Formerly something else...

Archduke Omni-Fap!

I like to think that the government's Orwellian aspirations will be mitigated to some extent by their personal greed and utter incompetence.

Cain

Quote from: P3nT4gR4m on March 09, 2009, 02:36:58 PM
If this recession is the real deal then nobody has to worry about a police state. They won't be able to afford it.

True.  I've considered this upside as well.

Then I remembered the government will probably cut internal security spending last, and that once they cannot use hi-tech methods, they will probably revert to low tech ones.

Cain

Quote from: Archduke Omni-Fap! on March 09, 2009, 10:01:07 PM
I like to think that the government's Orwellian aspirations will be mitigated to some extent by their personal greed and utter incompetence.

At this stage, I think that's all that's stopping them.

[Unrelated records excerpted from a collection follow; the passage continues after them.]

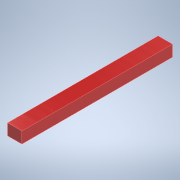
# Autodesk Inventor part: Alcance dos Sensores
Saved by Autodesk Inventor 2021 (Build 250183000, 183)
## iProperties
Created: 2022-11-17
Part Number: Alcance dos Sensores
Material: Genérico
Document SubType Name: Modeling
Designer: nicho
Surface Area: 141.7 cm^2
Volume: 57 cm^3
Appearance: Vermelho
Author: nicho
Autodesk Inventor part; units mm, degrees
ref_plane "YZ Plane" through (0, 0, 0) normal (1, 0, 0) x (0, 1, 0)
ref_plane "XZ Plane" through (0, 0, 0) normal (0, 1, 0) x (-1, 0, 0)
ref_plane "XY Plane" through (0, 0, 0) normal (0, 0, 1) x (1, 0, 0)
sketch "Esboço1" plane through (0, 0, 0) normal (0, 0, 1) x (1, 0, 0)
  line L0 (9.5, -7.5) -> (-9.5, -7.5)
  line L1 (-9.5, -7.5) -> (-9.5, 7.5)
  line L2 (-9.5, 7.5) -> (9.5, 7.5)
  line L3 (9.5, 7.5) -> (9.5, -7.5)
  line L4 (9.5, -7.5) -> (-9.5, 7.5) construction
  line L5 (-9.5, -7.5) -> (9.5, 7.5) construction
  point P0 (0, 0)
  dimension "d0" = 19
  dimension "d1" = 15
  constraints: 12 end point, 2 midpoint, 2 parallel, 1 horizontal, 1 perpendicular
  measures "d0" distance of L1.end L2.end
  measures "d1" distance of L0.end L1.end
extrude "Extrusão1" add sketch "Esboço1" along normal blind 200
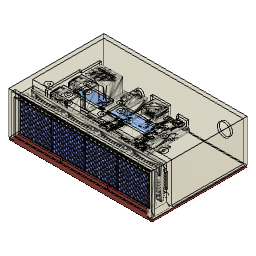
radio-v3 (Autodesk Fusion 360 design; units mm, degrees)
part number: 2025-08-03-13-42-16-987
part number: 2025-08-03-13-45-02-698
part number: 2025-08-07-17-49-59-308
part number: 2025-08-08-09-43-12-453
part number: 2025-08-09-19-33-53-891
Autodesk Fusion 360 part; units mm, degrees
other "Base Mesh Feature1" in component "Raspberry PI"
other "Modify1" in component "Raspberry PI"
other "Base Mesh Feature1'" in component "MAX"
sketch "Vrchni strana" plane through (0, 0, 0) normal (0, 0, 1) x (1, 0, 0) in component "vrsek"
  line L0 (0, 0) -> (142, 0)
  line L1 (142, 0) -> (142, 90)
  line L2 (142, 90) -> (0, 90)
  line L3 (0, 90) -> (0, 0)
  line L4 (0, 0) -> (142, 0)
  line L5 (142, 0) -> (142, 0.4)
  line L6 (142, 0.4) -> (0, 0.4)
  line L7 (0, 0.4) -> (0, 0)
  line L8 (0, 0) -> (2, 0)
  line L9 (2, 0) -> (2, 90)
  line L10 (2, 90) -> (0, 90)
  line L11 (0, 90) -> (0, 0)
  line L12 (0, 88) -> (0, 90)
  line L13 (35, 38) -> (61.5, 38)
  line L14 (61.5, 38) -> (61.5, 25)
  line L15 (61.5, 25) -> (35, 25)
  line L16 (35, 25) -> (35, 38)
  line L17 (68, 38) -> (107, 38)
  line L18 (107, 38) -> (107, 25)
  line L19 (107, 25) -> (68, 25)
  line L20 (68, 25) -> (68, 38)
  line L21 (142, 15.4) -> (0, 15.4)
  line L22 (0, 15.4) -> (0, 0.4)
  line L23 (142, 0) -> (140, 0)
  line L24 (140, 0) -> (140, 90)
  line L25 (140, 90) -> (142, 90)
  line L26 (142, 90) -> (142, 0)
  line L27 (142, 90) -> (0, 90)
  line L28 (0, 90) -> (0, 88)
  line L29 (0, 88) -> (142, 88)
  line L30 (142, 88) -> (142, 90)
  line L31 (0, 0) -> (5, 0)
  line L32 (5, 0) -> (5, 15.4)
  line L33 (5, 15.4) -> (0, 15.4)
  line L34 (0, 15.4) -> (0, 0)
  line L35 (142, 0) -> (137, 0)
  line L36 (137, 0) -> (137, 15.4)
  line L37 (137, 15.4) -> (142, 15.4)
  line L38 (142, 15.4) -> (142, 0)
  circle A0 centre (109, 22) radius 3
  circle A1 centre (109, 41) radius 3
  circle A2 centre (33, 41) radius 3
  circle A3 centre (33, 22) radius 3
  circle A4 centre (14, 21.4) radius 3.5
  circle A5 centre (128, 21.4) radius 3.5
  line L39 (0, 15.4) -> (142, 15.4)
  line L40 (142, 15.4) -> (142, 17.4)
  line L41 (142, 17.4) -> (0, 17.4)
  line L42 (0, 17.4) -> (0, 15.4)
  circle A6 centre (33, 22) radius 1.375
  circle A7 centre (33, 41) radius 1.375
  circle A8 centre (109, 41) radius 1.375
  circle A9 centre (109, 22) radius 1.375
  circle A10 centre (14, 21.4) radius 1.5
  circle A11 centre (128, 21.4) radius 1.5
  circle A12 centre (66, 41) radius 3
  circle A13 centre (66, 41) radius 1.375
  circle A14 centre (66, 22) radius 3
  circle A15 centre (66, 22) radius 1.375
  line L43 (0, 0) -> (142, 0)
  line L44 (142, 0) -> (142, -3.2)
  line L45 (142, -3.2) -> (0, -3.2)
  line L46 (0, -3.2) -> (0, 0)
  line L47 (0, -3.2) -> (142, -3.2)
  line L48 (142, -3.2) -> (142, -4.2)
  line L49 (142, -4.2) -> (0, -4.2)
  line L50 (0, -4.2) -> (0, -3.2)
  line L51 (2, 0) -> (2, -4.2)
  line L52 (140, 0) -> (140, -4.2)
  line L53 (137, -3.2) -> (137, -4.2)
  line L54 (5, -3.2) -> (5, -4.2)
  dimension "d1" = 142
  dimension "d2" = 90
  dimension "d3" = 0.4
  dimension "d4" = 2
  dimension "d5" = 2
  dimension "d7" = 26.5
  dimension "d8" = 13
  dimension "d9" = 35
  dimension "d10" = 39
  dimension "d13" = 6.5
  dimension "d14" = 15
  dimension "d16" = 25
  dimension "d17" = 2
  dimension "d18" = 2
  dimension "d19" = 5
  dimension "d20" = 5
  dimension "d21" = 6
  dimension "d22" = 2
  dimension "d23" = 3
  dimension "d24" = 6
  dimension "d25" = 19
  dimension "d26" = 6
  dimension "d27" = 6
  dimension "d28" = 76
  dimension "d29" = 7
  dimension "d30" = 14
  dimension "d31" = 6
  dimension "d32" = 7
  dimension "d33" = 14
  dimension "d36" = 2
  dimension "d41" = 2.75
  dimension "d42" = 2.75
  dimension "d43" = 2.75
  dimension "d44" = 2.75
  dimension "d45" = 3
  dimension "d46" = 3
  dimension "d69" = 6
  dimension "d70" = 2.75
  dimension "d71" = 33
  dimension "d72" = 6
  dimension "d73" = 2.75
  dimension "d343" = 3.2
  dimension "d344" = 1
  constraint horizontal L0
  constraint vertical L1
  constraint vertical L3
  constraint coincident L0.start L3.end
  constraint horizontal L4
  constraint vertical L5
  constraint horizontal L6
  constraint vertical L7
  constraint horizontal L8
  constraint vertical L9
  constraint horizontal L10
  constraint vertical L11
  constraint vertical L12
  constraint horizontal L13
  constraint vertical L14
  constraint horizontal L15
  constraint vertical L16
  constraint horizontal L17
  constraint vertical L18
  constraint horizontal L19
  constraint vertical L20
  constraint horizontal L14.end L19.end
  constraint horizontal L13.end L17.start
  constraint horizontal L21
  constraint vertical L22
  constraint perpendicular L1 L2
  constraint horizontal L23
  constraint vertical L24
  constraint horizontal L25
  constraint vertical L26
  constraint horizontal L1.end L24.end
  constraint horizontal L27
  constraint vertical L28
  constraint horizontal L29
  constraint vertical L30
  constraint horizontal L31
  constraint vertical L32
  constraint horizontal L33
  constraint vertical L34
  constraint horizontal L35
  constraint vertical L36
  constraint horizontal L37
  constraint vertical L38
  constraint vertical A0.centre A1.centre
  constraint horizontal A1.centre A2.centre
  constraint vertical A2.centre A3.centre
  constraint horizontal A0.centre A3.centre
  constraint horizontal A4.centre A5.centre
  constraint horizontal L39
  constraint vertical L40
  constraint horizontal L41
  constraint vertical L42
  constraint coincident L26 L40.end
  constraint vertical L0.end L21.start
  constraint horizontal L36.end L21.start
  constraint concentric A3 A6
  constraint concentric A2 A7
  constraint concentric A1 A8
  constraint concentric A0 A9
  constraint concentric A4 A10
  constraint concentric A5 A11
  constraint concentric A12 A13
  constraint horizontal A1.centre A12.centre
  constraint concentric A14 A15
  constraint vertical A12.centre A14.centre
  constraint horizontal A0.centre A14.centre
  constraint horizontal L21.end L32.end
  constraint vertical L12.start L2.end
  constraint horizontal L2.end L9.end
  constraint coincident L1.end L2.start
  constraint horizontal L43
  constraint vertical L44
  constraint horizontal L45
  constraint vertical L46
  constraint vertical L0.end L44.end
  constraint horizontal L47
  constraint vertical L48
  constraint horizontal L49
  constraint vertical L50
  constraint vertical L0.end L48.end
  constraint coincident L49 L51.end
  constraint perpendicular L49 L51
  constraint coincident L49 L52.end
  constraint perpendicular L49 L52
  constraint coincident L47 L53.start
  constraint coincident L49 L53.end
  constraint perpendicular L49 L53
  constraint vertical L35.end L53.start
  constraint coincident L47 L54.start
  constraint coincident L49 L54.end
  constraint perpendicular L49 L54
  constraint vertical L31.end L54.end
  measures "d1" distance of L0.start L0.end
  measures "d2" distance of L0.start L2.end
  measures "d3" distance of L0.start L6.end
  measures "d4" distance of L0.start L8.end
  measures "d5" distance of L2.end L12.start
  measures "d7" distance of L13.start L13.end
  measures "d8" distance of L13.start L15.end
  measures "d9" distance of L11 L15.end
  measures "d10" distance of L17.start L17.end
  measures "d13" distance of L14.end L19.end
  measures "d14" distance of L6.end L21.end
  measures "d16" vertical distance of L0.start L15.end
  measures "d17" distance of L0.end L23.end
  measures "d18" distance of L1.end L29.end
  measures "d19" distance of L0.start L31.end
  measures "d20" distance of L0.end L35.end
  measures "d21" diameter of A0
  measures "d22" horizontal distance of L18.end A0.centre
  measures "d23" vertical distance of L18.end A0.centre
  measures "d24" diameter of A1
  measures "d25" distance of A0.centre A1.centre
  measures "d26" diameter of A2
  measures "d27" diameter of A3
  measures "d28" distance of A1.centre A2.centre
  measures "d29" diameter of A4
  measures "d30" distance of L3 A4.centre
  measures "d31" distance of L21 A4.centre
  measures "d32" diameter of A5
  measures "d33" distance of L26 A5.centre
  measures "d36" distance of L21.start L40.end
  measures "d41" diameter of A6
  measures "d42" diameter of A7
  measures "d43" diameter of A8
  measures "d44" diameter of A9
  measures "d45" diameter of A10
  measures "d46" diameter of A11
  measures "d69" diameter of A12
  measures "d70" diameter of A13
  measures "d71" distance of A2.centre A12.centre
  measures "d72" diameter of A14
  measures "d73" diameter of A15
  measures "d343" vertical distance of L0.start L44.end
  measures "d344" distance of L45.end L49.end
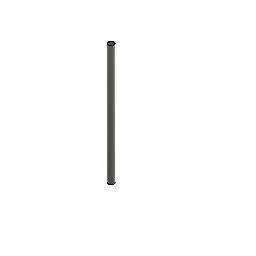
Axis1tube (Autodesk Fusion 360 design; units mm, degrees)
Autodesk Fusion 360 part; units mm, degrees
sketch "Sketch1" plane through (-47, 8, 12) normal (0, 1, 0) x (-1, 0, 0)
  circle A0 centre (-47, -12) radius 6
  circle A1 centre (-47, -12) radius 14
  circle A2 centre (-47, -12) radius 5
  circle A3 centre (-47, -12) radius 6
  dimension "d1039" = 1
  dimension "d1040" = 12
  measures "d1039" distance of A2 A3
  measures "d1040" diameter of A3
extrude "Extrude1" add sketch "Sketch1" along normal blind 3 and the other way up to surface (253 mm away) contours A0 A3
chamfer "Chamfer1" distance 0.5 angle 45 1 edges at (4.6616, 11, 1.8081)
sketch "Sketch2" plane through (69, 0, 0) normal (1, 0, 0) x (0, 0, -1)
  arc A0 (17.1962, -239) -> (6.8038, -239) centre (12, -236) ccw
  line L0 (17.1962, -239) -> (24, -239)
  line L1 (24, -239) -> (24, -219)
  line L2 (24, -219) -> (0, -219)
  line L3 (0, -219) -> (0, -239)
  line L4 (0, -239) -> (6.8038, -239)
  circle A1 centre (12, -236) radius 5
  dimension "d1046" = 10
  measures "d1046" diameter of A1
extrude "Extrude2" cut sketch "Sketch2" along normal up to surface contours A1 end surface at (-4.9938, 9.6667, -0.2492)
sketch "Sketch3" plane through (25, 0, 0) normal (-1, 0, 0) x (0, 0, 1)
  line L0 (-15.5, -239) -> (-15.5, -219)
  line L1 (-15.5, -219) -> (-24, -219)
  line L2 (-24, -219) -> (-24, -239)
  line L3 (-24, -239) -> (-15.5, -239)
  circle A0 centre (-12, -223) radius 1.75
  circle A1 centre (-12, -234) radius 1.75
  line L4 (-60, -219) -> (36, -219)
  arc A2 (-13.75, -224.5) -> (-10.25, -224.5) centre (-12, -224.5) ccw
  dimension "d1049" = 3.5
  dimension "d1050" = 4
  dimension "d1051" = 11
  measures "d1049" diameter of A1
extrude "Extrude3" cut sketch "Sketch3" along normal up to surface contours A0 | A1 end surface at (-4.9938, 9.6667, -0.2492)
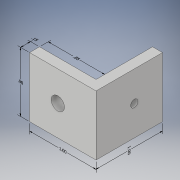
# Autodesk Inventor part: part v5
Saved by Autodesk Inventor 2018 (Build 220112000, 112)
## iProperties
Created: 2019-12-10
Part Number: part v5
Material: Generic
Document SubType Name: Modeling
Designer: AOFUser
Density: 1 g/cm^3
Appearance: Default
Author: AOFUser
Autodesk Inventor part; units mm, degrees
ref_plane "YZ Plane" through (0, 0, 0) normal (1, 0, 0) x (0, 1, 0)
ref_plane "XZ Plane" through (0, 0, 0) normal (0, 1, 0) x (-1, 0, 0)
ref_plane "XY Plane" through (0, 0, 0) normal (0, 0, 1) x (1, 0, 0)
sketch "Sketch1" plane through (0, 0, 0) normal (0, 1, 0) x (-1, 0, 0)
  line L0 (0, 0) -> (-25.4, 0)
  line L1 (-25.4, 0) -> (-25.4, -3.81)
  line L2 (-25.4, -3.81) -> (0, -3.81)
  line L3 (0, -3.81) -> (0, 0)
  line L4 (-25.4, 0) -> (-21.59, 0)
  line L5 (-21.59, 0) -> (-21.59, -25.4)
  line L6 (-21.59, -25.4) -> (-25.4, -25.4)
  line L7 (-25.4, -25.4) -> (-25.4, 0)
  dimension "d0" = 25.4
  dimension "d1" = 3.81
  dimension "d2" = 3.81
  dimension "d3" = 25.4
  constraints: 16 end point, 4 parallel, 2 horizontal, 2 perpendicular
  measures "d0" distance of L2.end L1.end
  measures "d1" distance of L1.end L0.end
  measures "d2" distance of L5.end L6.end
  measures "d3" distance of L4.end L5.end
extrude "Extrusion1" add sketch "Sketch1" along normal blind 22.86
sketch "Sketch2" plane through (21.59, 0, -25.4) normal (-1, 0, 0) x (0, 0, 1)
  line L0 (0, 0) -> (0, 22.86) projected
  line L1 (0, 11.43) -> (10.795, 11.43)
  point P0 (25.4, 0)
  dimension "d9" = 10.795
  constraints: 2 end point, 1 horizontal, 1 midpoint
  measures "d9" distance of L1.start L1.end
hole "Hole1" at (21.59, 11.43, -14.605) direction (1, 0, 0) diameter 2.794 end through all
sketch "Sketch3" plane through (21.59, 0, -3.81) normal (0, 0, -1) x (-1, 0, 0)
  line L0 (21.59, 0) -> (21.59, 22.86) projected
  line L1 (21.59, 11.43) -> (10.795, 11.43)
  dimension "d17" = 10.795
  constraints: 2 end point, 1 horizontal, 1 midpoint
  measures "d17" distance of L1.start L1.end
hole "Hole2" at (10.795, 11.43, -3.81) direction (0, 0, 1) diameter 5.08 end through all
body "Solid1"
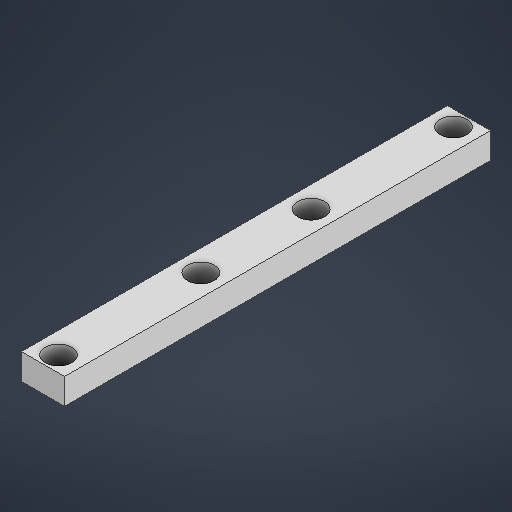
# Autodesk Inventor part: peça3
Saved by Autodesk Inventor 2026 (Build 300175000, 175)
## iProperties
Created: 2026-04-17
Part Number: peça3
Material: Genérico
Document SubType Name: Modeling
Designer: a2453266
Density: 1 g/cm^3
Appearance: Padrão
Author: a2453266
Autodesk Inventor part; units mm, degrees
ref_plane "YZ Plane" through (0, 0, 0) normal (1, 0, 0) x (0, 1, 0)
ref_plane "XZ Plane" through (0, 0, 0) normal (0, 1, 0) x (-1, 0, 0)
ref_plane "XY Plane" through (0, 0, 0) normal (0, 0, 1) x (1, 0, 0)
sketch "Esboço1" plane through (0, 0, 0) normal (0, 1, 0) x (-1, 0, 0)
  line L0 (0, 0) -> (5, 0)
  line L1 (5, 0) -> (5, -49.4)
  line L2 (5, -49.4) -> (0, -49.4)
  line L3 (0, -49.4) -> (0, 0)
  dimension "d0" = 5
  dimension "d1" = 49.4
  constraints: 8 end point, 2 parallel, 1 horizontal, 1 perpendicular
  measures "d0" distance of L1.end L2.end
  measures "d1" distance of L0.end L1.end
extrude "Extrusão1" add sketch "Esboço1" along normal blind 3
sketch "Esboço2" plane through (0, 3, 0) normal (0, 1, 0) x (1, 0, 0)
  line L0 (-5, 0) -> (0, 0) projected
  line L1 (-2.5, 0) -> (-2.5, 1.8)
  line L2 (0, 49.4) -> (-5, 49.4) projected
  line L3 (-2.5, 49.4) -> (-2.5, 47.6)
  circle A0 centre (-2.5, 1.8) radius 1.55
  circle A1 centre (-2.5, 47.6) radius 1.55
  line L4 (-5, 0) -> (-5, 18.3)
  line L5 (-5, 49.4) -> (-5, 0) projected
  line L6 (-5, 49.4) -> (-5, 31.1)
  line L7 (-5, 18.3) -> (0, 18.3)
  line L8 (-5, 31.1) -> (0, 31.1)
  line L9 (0, 0) -> (0, 49.4) projected
  circle A2 centre (-2.5, 18.3) radius 1.55
  circle A3 centre (-2.5, 31.1) radius 1.55
  dimension "d4" = 1.8
  dimension "d5" = 1.8
  dimension "d6" = 3.1
  dimension "d7" = 3.1
  dimension "d8" = 18.3
  dimension "d9" = 18.3
  dimension "d10" = 3.1
  dimension "d11" = 3.1
  constraints: 12 end point, 4 centre point, 4 midpoint, 3 point on line, 2 coincident, 2 horizontal, 2 vertical
  measures "d4" distance of L1.start L1.end
  measures "d5" distance of L3.start L3.end
  measures "d6" diameter of A0
  measures "d7" diameter of A1
  measures "d8" distance of L0.start L4.end
  measures "d9" distance of L2.end L6.end
  measures "d10" diameter of A2
  measures "d11" diameter of A3
extrude "Extrusão2" cut sketch "Esboço2" against normal blind 3 contours A0 | A1 | A2 L7 | L7 A2 | A3 L8 | L8 A3

Have you checked out the clowns for The Convention on Modern Liberty, for example?  I mean, yes, its nice that there is a cross-party selection of people, some of whom are really quite honest in their concerns about liberty, getting together for a chit-chat.  But there are two major problems with it:

1) Cross-party.  Hmmm, would that mean the same parties who got us into this mess?  As far as I can see, only the Lib Dems even deserve to be part of this, and even that is only because they've never had enough power to block or pass illiberal legislation on their own.

2) Talking achieves about as much as blogging, except you can all go to the pub together afterwards.  Now, if the Convention on Modern Liberty decided to mass protest outside Parliament, organize sewer photographing expeditions and wear LOLCAT t-shirts, then maybe I might think they were something more than a talking shop for the noveau-commentariat.